Reconstitution of Bovine Placental Insulin Receptor on Artificial Vesicles by Using Direct Protein Transfer Techniques

Abstract

Direct protein transfer with artificial boundary lipid, DDPC, has been used as a powerful isolation procedure for membrane proteins. In contrast to other methods using detergents as protein solubilizer, the target membrane proteins can be transferred directly from biomembrane to liposomes by this direct protein transfer method, without severe denaturation in the course of isolation. We have investigated the transfer of insulin receptor proteins from bovine placental plasma membrane into liposomes. All the subunits of insulin receptor was found reconstituted in liposomes.
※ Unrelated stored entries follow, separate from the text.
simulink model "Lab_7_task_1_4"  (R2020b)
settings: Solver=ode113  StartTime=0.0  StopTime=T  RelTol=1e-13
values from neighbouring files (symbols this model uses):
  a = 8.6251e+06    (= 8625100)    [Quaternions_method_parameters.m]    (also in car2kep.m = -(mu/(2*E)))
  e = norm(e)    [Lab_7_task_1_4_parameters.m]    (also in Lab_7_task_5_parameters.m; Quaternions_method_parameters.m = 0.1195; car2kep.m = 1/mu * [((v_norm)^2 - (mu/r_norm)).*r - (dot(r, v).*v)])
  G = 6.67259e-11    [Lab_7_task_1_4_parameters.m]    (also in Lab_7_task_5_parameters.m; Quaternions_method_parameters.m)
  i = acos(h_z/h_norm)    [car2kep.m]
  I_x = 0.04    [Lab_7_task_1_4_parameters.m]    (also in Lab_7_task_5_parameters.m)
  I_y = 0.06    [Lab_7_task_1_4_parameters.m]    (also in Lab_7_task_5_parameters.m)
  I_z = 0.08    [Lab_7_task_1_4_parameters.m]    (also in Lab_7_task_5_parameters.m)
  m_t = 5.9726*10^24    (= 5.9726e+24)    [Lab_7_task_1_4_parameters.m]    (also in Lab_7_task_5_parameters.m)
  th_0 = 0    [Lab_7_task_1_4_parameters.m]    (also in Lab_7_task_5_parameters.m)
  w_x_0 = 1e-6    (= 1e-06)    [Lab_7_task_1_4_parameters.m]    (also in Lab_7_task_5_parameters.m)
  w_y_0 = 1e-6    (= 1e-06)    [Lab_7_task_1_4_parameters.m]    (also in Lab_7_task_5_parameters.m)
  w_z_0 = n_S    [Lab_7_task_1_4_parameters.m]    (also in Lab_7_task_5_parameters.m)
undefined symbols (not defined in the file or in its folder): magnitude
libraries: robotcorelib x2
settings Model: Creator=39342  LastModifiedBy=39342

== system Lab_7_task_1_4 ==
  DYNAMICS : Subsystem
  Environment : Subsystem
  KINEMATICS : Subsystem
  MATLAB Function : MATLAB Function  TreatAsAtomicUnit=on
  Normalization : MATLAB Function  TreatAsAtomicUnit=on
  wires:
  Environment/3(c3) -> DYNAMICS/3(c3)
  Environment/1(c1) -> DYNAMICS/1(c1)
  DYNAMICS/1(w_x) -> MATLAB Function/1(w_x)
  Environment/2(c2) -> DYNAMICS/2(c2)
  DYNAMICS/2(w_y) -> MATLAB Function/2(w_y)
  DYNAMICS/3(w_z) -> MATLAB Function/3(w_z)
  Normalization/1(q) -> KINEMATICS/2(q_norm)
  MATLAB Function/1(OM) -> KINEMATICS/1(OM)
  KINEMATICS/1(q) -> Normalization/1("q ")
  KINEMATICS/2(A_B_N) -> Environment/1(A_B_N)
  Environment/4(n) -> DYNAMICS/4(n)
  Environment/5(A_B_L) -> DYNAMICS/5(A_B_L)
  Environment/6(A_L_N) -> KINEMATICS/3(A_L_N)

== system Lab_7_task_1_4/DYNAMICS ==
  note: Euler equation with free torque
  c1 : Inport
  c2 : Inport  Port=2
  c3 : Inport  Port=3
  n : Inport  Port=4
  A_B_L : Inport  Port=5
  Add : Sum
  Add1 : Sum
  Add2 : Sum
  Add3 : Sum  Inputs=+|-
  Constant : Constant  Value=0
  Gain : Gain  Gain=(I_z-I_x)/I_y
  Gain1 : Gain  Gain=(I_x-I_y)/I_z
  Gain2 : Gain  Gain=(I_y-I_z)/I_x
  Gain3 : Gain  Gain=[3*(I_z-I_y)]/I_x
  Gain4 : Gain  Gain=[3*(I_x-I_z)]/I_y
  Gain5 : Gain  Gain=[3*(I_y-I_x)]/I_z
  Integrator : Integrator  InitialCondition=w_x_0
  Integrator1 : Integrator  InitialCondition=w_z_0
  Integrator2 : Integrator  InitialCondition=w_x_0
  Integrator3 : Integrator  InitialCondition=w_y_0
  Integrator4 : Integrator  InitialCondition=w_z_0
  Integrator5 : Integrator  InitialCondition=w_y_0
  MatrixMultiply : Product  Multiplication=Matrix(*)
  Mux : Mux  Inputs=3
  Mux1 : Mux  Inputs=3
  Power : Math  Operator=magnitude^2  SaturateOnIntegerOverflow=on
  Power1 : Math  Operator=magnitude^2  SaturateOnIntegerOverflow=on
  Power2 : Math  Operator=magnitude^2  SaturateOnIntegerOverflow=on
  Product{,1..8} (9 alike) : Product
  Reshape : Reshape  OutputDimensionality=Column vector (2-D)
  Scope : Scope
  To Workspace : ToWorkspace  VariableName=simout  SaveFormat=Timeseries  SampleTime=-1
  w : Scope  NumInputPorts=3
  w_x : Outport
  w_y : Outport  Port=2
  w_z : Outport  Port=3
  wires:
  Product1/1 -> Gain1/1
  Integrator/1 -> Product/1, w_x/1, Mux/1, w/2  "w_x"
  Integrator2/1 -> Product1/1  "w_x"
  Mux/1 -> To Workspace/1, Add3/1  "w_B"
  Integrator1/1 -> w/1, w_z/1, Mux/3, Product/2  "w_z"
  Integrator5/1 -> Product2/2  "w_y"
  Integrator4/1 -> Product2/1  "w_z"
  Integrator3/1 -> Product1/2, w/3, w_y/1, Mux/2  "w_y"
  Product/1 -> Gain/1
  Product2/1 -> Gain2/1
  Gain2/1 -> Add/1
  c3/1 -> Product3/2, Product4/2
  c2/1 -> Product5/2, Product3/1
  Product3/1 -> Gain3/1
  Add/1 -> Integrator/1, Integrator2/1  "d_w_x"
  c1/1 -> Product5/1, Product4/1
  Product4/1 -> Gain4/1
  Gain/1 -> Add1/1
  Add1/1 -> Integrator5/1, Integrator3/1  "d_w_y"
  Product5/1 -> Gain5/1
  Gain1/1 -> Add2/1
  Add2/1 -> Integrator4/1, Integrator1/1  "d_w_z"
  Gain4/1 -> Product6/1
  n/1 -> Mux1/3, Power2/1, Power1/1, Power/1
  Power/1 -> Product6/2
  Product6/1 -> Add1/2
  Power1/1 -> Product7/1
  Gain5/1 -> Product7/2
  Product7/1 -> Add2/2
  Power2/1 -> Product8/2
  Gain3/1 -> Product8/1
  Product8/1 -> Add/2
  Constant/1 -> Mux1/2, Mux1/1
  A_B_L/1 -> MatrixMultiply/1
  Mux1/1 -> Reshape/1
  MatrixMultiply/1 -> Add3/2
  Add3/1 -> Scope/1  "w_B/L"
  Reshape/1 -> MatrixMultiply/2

The reconstituted insulin receptor retained almost full activity to bind to insulin, leading to autophosphorylation as a result of signal transduction activity. It is quite important that the reconstituted insulin receptor can be isolated in liposomes, which can be served to further investigation of insulin receptor without any interferences from other enzymes in cells. Then we focused on the insulin binding activity. The reconstituted insulin receptor showed much higher binding affinity than that on plasma membrane or that solubilized in micelles, suggesting that insulin receptor protein isolated by a conventional method might catch a significant denaturation. A fully active and complete insulin receptor was isolated by this direct protein transfer method. This method is applicable extensively to other membrane proteins.